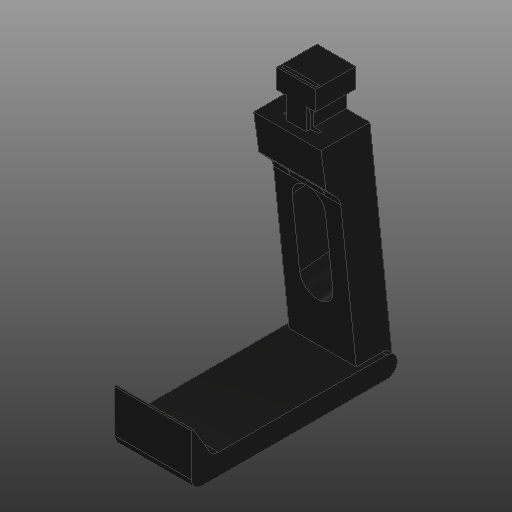
# Autodesk Inventor part: Lever1
Saved by Autodesk Inventor 2020 (Build 240168000, 168)
## iProperties
Created: 2019-12-28
Part Number: Lever1
Material: Generic
Document SubType Name: Modeling
Designer: Isaac Newcomb
Density: 1.06 g/cm^3
Appearance: Default
Mass: 2.49877 g
Surface Area: 21.9023 cm^2
Volume: 2.35733 cm^3
Project: Ice Keys
neckWidth: 2.800 mm
headWidth: 5.500 mm
headHeight: 2.800 mm
Author: Isaac Newcomb
Autodesk Inventor part; units mm, degrees
ref_plane "YZ Plane" through (0, 0, 0) normal (1, 0, 0) x (0, 1, 0)
ref_plane "XZ Plane" through (0, 0, 0) normal (0, 1, 0) x (-1, 0, 0)
ref_plane "Neck Start Plane" through (0, 0, -1.8245) normal (0, 0, 1) x (1, 0, 0)
sketch "Arm Profile" plane through (0, 0, 0) normal (1, 0, 0) x (0, 1, 0)
  line L0 (-2, -0.55) -> (-2, -7.55)
  line L1 (-2, -7.55) -> (-34.3125, -10.9462)
  line L2 (-34.3125, 18.625) -> (-26.7563, 18.625)
  line L3 (-26.692, 18.3928) -> (-31.3125, 15.625)
  arc A0 (-26.692, 18.3928) -> (-26.7563, 18.625) centre (-26.7563, 18.5) ccw
  line L4 (0, 0) -> (-30.5125, 0) construction
  line L5 (-30.5125, 0) -> (-31.3125, 0) construction
  line L6 (-2, -2.9554) -> (-10.1292, -3.3815)
  line L7 (-2, -2.5) -> (-9, -2.8669)
  line L8 (-9, -2.8669) -> (-7.3168, -1.2972)
  line L9 (-7.3168, -1.2972) -> (-2, -0.55)
  line L10 (-10.1292, -3.3815) -> (-31.3125, -5.6079)
  arc A1 (-10.1292, -3.3815) -> (-9, -2.8669) centre (-10.3336, -1.4368) ccw
  line L11 (-2, -2.5) -> (3.8762, -2.192)
  line L12 (3.8762, -2.192) -> (3.9, -2.6462)
  line L13 (3.9, -2.6462) -> (-2, -2.9554)
  line L14 (-31.3125, -5.6079) -> (-31.3125, 15.625)
  line L15 (-34.3125, -10.9462) -> (-34.3125, 18.625)
  line L16 (-31.3125, -5.6079) -> (-31.3125, -10.6309)
  line L17 (-24.5249, -9.9175) -> (-25.047, -4.9494)
  line L18 (-10.1292, -3.3815) -> (-9.607, -8.3495)
  point P0 (-7.4117, -1.3306)
  dimension "d0" = 0.125
  dimension "d1" = 26.7563
  dimension "d2" = 18.5
  dimension "d7" = 3
  dimension "d85" = 2
  dimension "neckDepth" = 7
  dimension "d119" = 30.5125
  dimension "d121" = 0.55
  dimension "d129" = 0.4548
  dimension "d132" = 8
  dimension "d136" = 145
  dimension "d137" = 7
  dimension "d138" = 5.9
  dimension "pincherArmThick" = 3
  dimension "d141" = 0.8
  dimension "d147" = 15
  dimension "d148" = 6
  dimension "d151" = 177
  dimension "d153" = 2.5
  constraints: 40 end point, 7 point on line, 4 perpendicular, 4 point on circle, 4 tangent, 3 collinear, 2 centre point, 2 horizontal, 2 parallel, 2 vertical, 1 coincident
  measures "d0" radius of A0
  measures "d1" horizontal distance of A0.centre point (0, 0)
  measures "d2" vertical distance of A0.centre point (0, 0)
  measures "d7" distance from line of L3.end L2
  measures "d85" distance from line of point (0, 0) L0
  measures "neckDepth" distance of L0.start L0.end
  measures "d119" distance of L4.start L4.end
  measures "d121" vertical distance of point (0, 0) L0.start
  measures "d129" distance between parallel lines of L6 L7
  measures "d132" angle of L4 L9
  measures "d136" angle of L9 L8
  measures "d137" distance from line of L0 L7.end
  measures "d138" distance from line of L0 L12.end
  measures "pincherArmThick" distance between parallel lines of L14 L15
  measures "d141" distance from line of L4.end L14
  measures "d147" distance between parallel lines of L17 L18
  measures "d148" angle of L4 L10
  measures "d151" angle of L10 L6
  measures "d153" vertical distance of L7.start point (0, 0)
extrude "Main Arm" add sketch "Arm Profile" along normal mid plane 9.6 contours L0 L7 L8 L9 | L0 L6 A1 L7 | L0 L1 L18 L6 | L18 L1 L17 L10 | L17 L1 L16 L10
extrude "Pincher" add sketch "Arm Profile" along normal mid plane 11 contours L16 L1 L15 L2 A0 L3 L14
sketch "Neck Sketch" plane through (0, 0, -1.8245) normal (0, 0, 1) x (1, 0, 0)
  line L0 (-1.4, -2) -> (-1.4, 1.1)
  line L1 (-2.75, 3.9) -> (2.75, 3.9)
  line L2 (1.4, 1.1) -> (1.4, -2)
  line L3 (0, -2) -> (0, 3.9) construction
  line L4 (-1.4, 1.1) -> (-2.75, 1.1)
  line L5 (-2.75, 1.1) -> (-2.75, 3.9)
  line L6 (2.75, 3.9) -> (2.75, 1.1)
  line L7 (2.75, 1.1) -> (1.4, 1.1)
  line L8 (1.4, -2) -> (-1.4, -2)
  point P0 (0, 0)
  dimension "neckWidth" = 2.8
  dimension "headWidth" = 5.5
  dimension "headHeight" = 2.8
  dimension "d91" = 2
  dimension "d103" = 1.1
  dimension "neckHeight" = 5.9
  constraints: 18 end point, 3 parallel, 3 perpendicular, 2 horizontal, 2 midpoint, 2 point on line, 2 vertical
  measures "neckWidth" distance of L2.end L0.start
  measures "headWidth" distance of L1.start L1.end
  measures "headHeight" vertical distance of L0.end L1.start
  measures "d91" distance from line of L8 point (0, 0)
  measures "d103" distance from line of point (0, 0) L7
  measures "neckHeight" distance between parallel lines of L1 L8
extrude "Neck" add sketch "Neck Sketch" against normal blind 5.7255
extrude "Spring Steel Slot" cut sketch "Arm Profile" along normal mid plane 4.9625 contours L11 L12 L13 L0 | L0 L6 A1 L7
extrude "Viewport" cut sketch "Arm Profile" along normal mid plane 4.7625 contours L18 L1 L17 L10
fillet "Fillet1" radius 1.5 5 edges at (-5.15, -31.3125, -10.6309) (5.15, -31.3125, -10.6309) (0, -34.3125, -10.9462) (0, -31.3125, 15.625) (0, -34.3125, 18.625)
fillet "Fillet2" radius 2.3813 4 edges at (-2.3813, -24.7859, -7.4334) (2.3813, -24.7859, -7.4334) (2.3813, -9.8681, -5.8655) (-2.3813, -9.8681, -5.8655)
equation "\"d2\" = hingeToPincherHoriz"
equation "\"spacing\" = 1"
equation "\"hingeToPincherHoriz\" = 18.5"
body "Solid1"

Exercise:
Without the pictures, extract every entry verbatim.

Reply:
# Autodesk Inventor part: Lever1
Saved by Autodesk Inventor 2020 (Build 240168000, 168)
## iProperties
Created: 2019-12-28
Part Number: Lever1
Material: Generic
Document SubType Name: Modeling
Designer: Isaac Newcomb
Density: 1.06 g/cm^3
Appearance: Default
Mass: 2.49877 g
Surface Area: 21.9023 cm^2
Volume: 2.35733 cm^3
Project: Ice Keys
neckWidth: 2.800 mm
headWidth: 5.500 mm
headHeight: 2.800 mm
Author: Isaac Newcomb
Autodesk Inventor part; units mm, degrees
ref_plane "YZ Plane" through (0, 0, 0) normal (1, 0, 0) x (0, 1, 0)
ref_plane "XZ Plane" through (0, 0, 0) normal (0, 1, 0) x (-1, 0, 0)
ref_plane "Neck Start Plane" through (0, 0, -1.8245) normal (0, 0, 1) x (1, 0, 0)
sketch "Arm Profile" plane through (0, 0, 0) normal (1, 0, 0) x (0, 1, 0)
  line L0 (-2, -0.55) -> (-2, -7.55)
  line L1 (-2, -7.55) -> (-34.3125, -10.9462)
  line L2 (-34.3125, 18.625) -> (-26.7563, 18.625)
  line L3 (-26.692, 18.3928) -> (-31.3125, 15.625)
  arc A0 (-26.692, 18.3928) -> (-26.7563, 18.625) centre (-26.7563, 18.5) ccw
  line L4 (0, 0) -> (-30.5125, 0) construction
  line L5 (-30.5125, 0) -> (-31.3125, 0) construction
  line L6 (-2, -2.9554) -> (-10.1292, -3.3815)
  line L7 (-2, -2.5) -> (-9, -2.8669)
  line L8 (-9, -2.8669) -> (-7.3168, -1.2972)
  line L9 (-7.3168, -1.2972) -> (-2, -0.55)
  line L10 (-10.1292, -3.3815) -> (-31.3125, -5.6079)
  arc A1 (-10.1292, -3.3815) -> (-9, -2.8669) centre (-10.3336, -1.4368) ccw
  line L11 (-2, -2.5) -> (3.8762, -2.192)
  line L12 (3.8762, -2.192) -> (3.9, -2.6462)
  line L13 (3.9, -2.6462) -> (-2, -2.9554)
  line L14 (-31.3125, -5.6079) -> (-31.3125, 15.625)
  line L15 (-34.3125, -10.9462) -> (-34.3125, 18.625)
  line L16 (-31.3125, -5.6079) -> (-31.3125, -10.6309)
  line L17 (-24.5249, -9.9175) -> (-25.047, -4.9494)
  line L18 (-10.1292, -3.3815) -> (-9.607, -8.3495)
  point P0 (-7.4117, -1.3306)
  dimension "d0" = 0.125
  dimension "d1" = 26.7563
  dimension "d2" = 18.5
  dimension "d7" = 3
  dimension "d85" = 2
  dimension "neckDepth" = 7
  dimension "d119" = 30.5125
  dimension "d121" = 0.55
  dimension "d129" = 0.4548
  dimension "d132" = 8
  dimension "d136" = 145
  dimension "d137" = 7
  dimension "d138" = 5.9
  dimension "pincherArmThick" = 3
  dimension "d141" = 0.8
  dimension "d147" = 15
  dimension "d148" = 6
  dimension "d151" = 177
  dimension "d153" = 2.5
  constraints: 40 end point, 7 point on line, 4 perpendicular, 4 point on circle, 4 tangent, 3 collinear, 2 centre point, 2 horizontal, 2 parallel, 2 vertical, 1 coincident
  measures "d0" radius of A0
  measures "d1" horizontal distance of A0.centre point (0, 0)
  measures "d2" vertical distance of A0.centre point (0, 0)
  measures "d7" distance from line of L3.end L2
  measures "d85" distance from line of point (0, 0) L0
  measures "neckDepth" distance of L0.start L0.end
  measures "d119" distance of L4.start L4.end
  measures "d121" vertical distance of point (0, 0) L0.start
  measures "d129" distance between parallel lines of L6 L7
  measures "d132" angle of L4 L9
  measures "d136" angle of L9 L8
  measures "d137" distance from line of L0 L7.end
  measures "d138" distance from line of L0 L12.end
  measures "pincherArmThick" distance between parallel lines of L14 L15
  measures "d141" distance from line of L4.end L14
  measures "d147" distance between parallel lines of L17 L18
  measures "d148" angle of L4 L10
  measures "d151" angle of L10 L6
  measures "d153" vertical distance of L7.start point (0, 0)
extrude "Main Arm" add sketch "Arm Profile" along normal mid plane 9.6 contours L0 L7 L8 L9 | L0 L6 A1 L7 | L0 L1 L18 L6 | L18 L1 L17 L10 | L17 L1 L16 L10
extrude "Pincher" add sketch "Arm Profile" along normal mid plane 11 contours L16 L1 L15 L2 A0 L3 L14
sketch "Neck Sketch" plane through (0, 0, -1.8245) normal (0, 0, 1) x (1, 0, 0)
  line L0 (-1.4, -2) -> (-1.4, 1.1)
  line L1 (-2.75, 3.9) -> (2.75, 3.9)
  line L2 (1.4, 1.1) -> (1.4, -2)
  line L3 (0, -2) -> (0, 3.9) construction
  line L4 (-1.4, 1.1) -> (-2.75, 1.1)
  line L5 (-2.75, 1.1) -> (-2.75, 3.9)
  line L6 (2.75, 3.9) -> (2.75, 1.1)
  line L7 (2.75, 1.1) -> (1.4, 1.1)
  line L8 (1.4, -2) -> (-1.4, -2)
  point P0 (0, 0)
  dimension "neckWidth" = 2.8
  dimension "headWidth" = 5.5
  dimension "headHeight" = 2.8
  dimension "d91" = 2
  dimension "d103" = 1.1
  dimension "neckHeight" = 5.9
  constraints: 18 end point, 3 parallel, 3 perpendicular, 2 horizontal, 2 midpoint, 2 point on line, 2 vertical
  measures "neckWidth" distance of L2.end L0.start
  measures "headWidth" distance of L1.start L1.end
  measures "headHeight" vertical distance of L0.end L1.start
  measures "d91" distance from line of L8 point (0, 0)
  measures "d103" distance from line of point (0, 0) L7
  measures "neckHeight" distance between parallel lines of L1 L8
extrude "Neck" add sketch "Neck Sketch" against normal blind 5.7255
extrude "Spring Steel Slot" cut sketch "Arm Profile" along normal mid plane 4.9625 contours L11 L12 L13 L0 | L0 L6 A1 L7
extrude "Viewport" cut sketch "Arm Profile" along normal mid plane 4.7625 contours L18 L1 L17 L10
fillet "Fillet1" radius 1.5 5 edges at (-5.15, -31.3125, -10.6309) (5.15, -31.3125, -10.6309) (0, -34.3125, -10.9462) (0, -31.3125, 15.625) (0, -34.3125, 18.625)
fillet "Fillet2" radius 2.3813 4 edges at (-2.3813, -24.7859, -7.4334) (2.3813, -24.7859, -7.4334) (2.3813, -9.8681, -5.8655) (-2.3813, -9.8681, -5.8655)
equation "\"d2\" = hingeToPincherHoriz"
equation "\"spacing\" = 1"
equation "\"hingeToPincherHoriz\" = 18.5"
body "Solid1"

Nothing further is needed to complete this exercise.